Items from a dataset
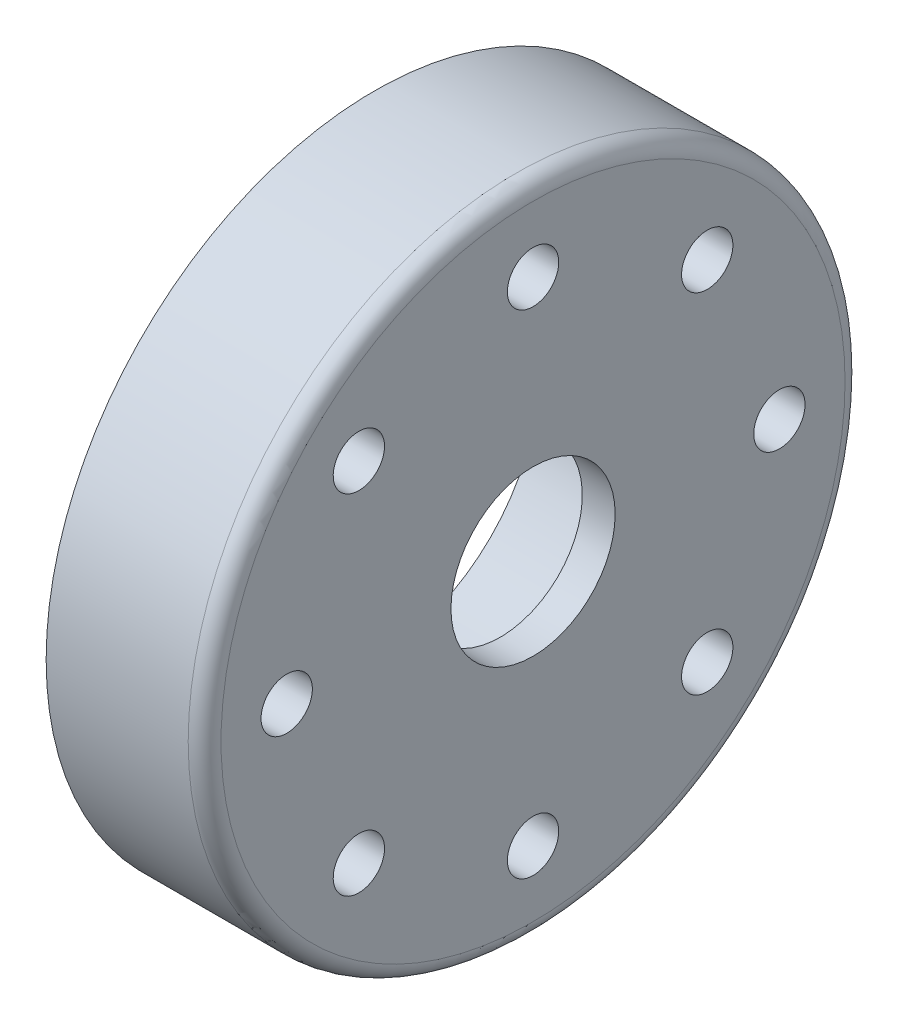
ISO-10303-21;
HEADER;
FILE_DESCRIPTION(('STEP AP214'),'2;1');
FILE_NAME('part.step','',(''),(''),'','','');
FILE_SCHEMA(('AUTOMOTIVE_DESIGN { 1 0 10303 214 1 1 1 1 }'));
ENDSEC;
DATA;
#1=APPLICATION_CONTEXT('core data for automotive mechanical design processes');
#2=APPLICATION_PROTOCOL_DEFINITION('international standard','automotive_design',2000,#1);
#3=PRODUCT_CONTEXT('',#1,'mechanical');
#4=PRODUCT('Part','Part','',(#3));
#5=PRODUCT_RELATED_PRODUCT_CATEGORY('part','',(#4));
#6=PRODUCT_DEFINITION_FORMATION('','',#4);
#7=PRODUCT_DEFINITION_CONTEXT('part definition',#1,'design');
#8=PRODUCT_DEFINITION('design','',#6,#7);
#9=PRODUCT_DEFINITION_SHAPE('','',#8);
#10=(LENGTH_UNIT() NAMED_UNIT(*) SI_UNIT(.MILLI.,.METRE.));
#11=(NAMED_UNIT(*) PLANE_ANGLE_UNIT() SI_UNIT($,.RADIAN.));
#12=(NAMED_UNIT(*) SI_UNIT($,.STERADIAN.) SOLID_ANGLE_UNIT());
#13=UNCERTAINTY_MEASURE_WITH_UNIT(LENGTH_MEASURE(1.E-05),#10,'distance_accuracy_value','');
#14=(GEOMETRIC_REPRESENTATION_CONTEXT(3) GLOBAL_UNCERTAINTY_ASSIGNED_CONTEXT((#13)) GLOBAL_UNIT_ASSIGNED_CONTEXT((#10,
#11,#12)) REPRESENTATION_CONTEXT('',''));
#15=CARTESIAN_POINT('',(0.,0.,0.));
#16=DIRECTION('',(0.,0.,1.));
#17=DIRECTION('',(1.,0.,0.));
#18=AXIS2_PLACEMENT_3D('',#15,#16,#17);
#19=CARTESIAN_POINT('',(24.511,0.,0.));
#20=DIRECTION('',(-1.,0.,0.));
#21=DIRECTION('',(0.,0.,1.));
#22=AXIS2_PLACEMENT_3D('',#19,#20,#21);
#23=CYLINDRICAL_SURFACE('',#22,50.8);
#24=CARTESIAN_POINT('',(21.971,0.,0.));
#25=DIRECTION('',(1.,0.,0.));
#26=DIRECTION('',(0.,0.,-1.));
#27=AXIS2_PLACEMENT_3D('',#24,#25,#26);
#28=CIRCLE('',#27,50.8);
#29=CARTESIAN_POINT('',(21.971,0.,-50.8));
#30=VERTEX_POINT('',#29);
#31=EDGE_CURVE('E11',#30,#30,#28,.F.);
#32=ORIENTED_EDGE('',*,*,#31,.T.);
#33=EDGE_LOOP('',(#32));
#34=FACE_BOUND('',#33,.T.);
#35=CARTESIAN_POINT('',(0.,0.,0.));
#36=DIRECTION('',(1.,0.,0.));
#37=DIRECTION('',(0.,0.,-1.));
#38=AXIS2_PLACEMENT_3D('',#35,#36,#37);
#39=CIRCLE('',#38,50.8);
#40=CARTESIAN_POINT('',(0.,0.,-50.8));
#41=VERTEX_POINT('',#40);
#42=EDGE_CURVE('E45',#41,#41,#39,.T.);
#43=ORIENTED_EDGE('',*,*,#42,.T.);
#44=EDGE_LOOP('',(#43));
#45=FACE_BOUND('',#44,.T.);
#46=ADVANCED_FACE('F34',(#34,#45),#23,.T.);
#47=CARTESIAN_POINT('',(24.511,0.,0.));
#48=DIRECTION('',(1.,0.,0.));
#49=DIRECTION('',(0.,0.,-1.));
#50=AXIS2_PLACEMENT_3D('',#47,#48,#49);
#51=PLANE('',#50);
#52=CARTESIAN_POINT('',(24.511,0.,0.));
#53=DIRECTION('',(1.,0.,0.));
#54=DIRECTION('',(0.,0.,-1.));
#55=AXIS2_PLACEMENT_3D('',#52,#53,#54);
#56=CIRCLE('',#55,12.7);
#57=CARTESIAN_POINT('',(24.511,0.,-12.7));
#58=VERTEX_POINT('',#57);
#59=EDGE_CURVE('E105',#58,#58,#56,.F.);
#60=ORIENTED_EDGE('',*,*,#59,.T.);
#61=EDGE_LOOP('',(#60));
#62=FACE_BOUND('',#61,.T.);
#63=CARTESIAN_POINT('',(24.511,-38.1,1.33025439009923E-13));
#64=DIRECTION('',(1.,0.,0.));
#65=DIRECTION('',(0.,-1.,0.));
#66=AXIS2_PLACEMENT_3D('',#63,#64,#65);
#67=CIRCLE('',#66,3.96875);
#68=CARTESIAN_POINT('',(24.511,-42.06875,1.46882255573457E-13));
#69=VERTEX_POINT('',#68);
#70=EDGE_CURVE('E63',#69,#69,#67,.T.);
#71=ORIENTED_EDGE('',*,*,#70,.F.);
#72=EDGE_LOOP('',(#71));
#73=FACE_BOUND('',#72,.T.);
#74=CARTESIAN_POINT('',(24.511,-26.9407683632073,26.9407683632076));
#75=DIRECTION('',(1.,0.,0.));
#76=DIRECTION('',(0.,-0.707106781186544,0.707106781186551));
#77=AXIS2_PLACEMENT_3D('',#74,#75,#76);
#78=CIRCLE('',#77,3.96875);
#79=CARTESIAN_POINT('',(24.511,-29.7470984010414,29.7470984010417));
#80=VERTEX_POINT('',#79);
#81=EDGE_CURVE('E78',#80,#80,#78,.T.);
#82=ORIENTED_EDGE('',*,*,#81,.F.);
#83=EDGE_LOOP('',(#82));
#84=FACE_BOUND('',#83,.T.);
#85=CARTESIAN_POINT('',(24.511,0.,38.1));
#86=DIRECTION('',(1.,0.,0.));
#87=DIRECTION('',(0.,0.,1.));
#88=AXIS2_PLACEMENT_3D('',#85,#86,#87);
#89=CIRCLE('',#88,3.96875);
#90=CARTESIAN_POINT('',(24.511,0.,42.06875));
#91=VERTEX_POINT('',#90);
#92=EDGE_CURVE('E72',#91,#91,#89,.T.);
#93=ORIENTED_EDGE('',*,*,#92,.F.);
#94=EDGE_LOOP('',(#93));
#95=FACE_BOUND('',#94,.T.);
#96=CARTESIAN_POINT('',(24.511,26.9407683632077,26.9407683632072));
#97=DIRECTION('',(1.,0.,0.));
#98=DIRECTION('',(0.,0.707106781186554,0.707106781186541));
#99=AXIS2_PLACEMENT_3D('',#96,#97,#98);
#100=CIRCLE('',#99,3.96875);
#101=CARTESIAN_POINT('',(24.511,29.7470984010418,29.7470984010413));
#102=VERTEX_POINT('',#101);
#103=EDGE_CURVE('E64',#102,#102,#100,.T.);
#104=ORIENTED_EDGE('',*,*,#103,.F.);
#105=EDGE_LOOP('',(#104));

◆ **Prompt**
Return only the lines between the one holding "#69=VERTEX_POINT('',#68);" and the one holding "#87=DIRECTION('',(0.,0.,1.));", inclusive, exactly as they appear above.

◆ **Answer for the task**
#69=VERTEX_POINT('',#68);
#70=EDGE_CURVE('E63',#69,#69,#67,.T.);
#71=ORIENTED_EDGE('',*,*,#70,.F.);
#72=EDGE_LOOP('',(#71));
#73=FACE_BOUND('',#72,.T.);
#74=CARTESIAN_POINT('',(24.511,-26.9407683632073,26.9407683632076));
#75=DIRECTION('',(1.,0.,0.));
#76=DIRECTION('',(0.,-0.707106781186544,0.707106781186551));
#77=AXIS2_PLACEMENT_3D('',#74,#75,#76);
#78=CIRCLE('',#77,3.96875);
#79=CARTESIAN_POINT('',(24.511,-29.7470984010414,29.7470984010417));
#80=VERTEX_POINT('',#79);
#81=EDGE_CURVE('E78',#80,#80,#78,.T.);
#82=ORIENTED_EDGE('',*,*,#81,.F.);
#83=EDGE_LOOP('',(#82));
#84=FACE_BOUND('',#83,.T.);
#85=CARTESIAN_POINT('',(24.511,0.,38.1));
#86=DIRECTION('',(1.,0.,0.));
#87=DIRECTION('',(0.,0.,1.));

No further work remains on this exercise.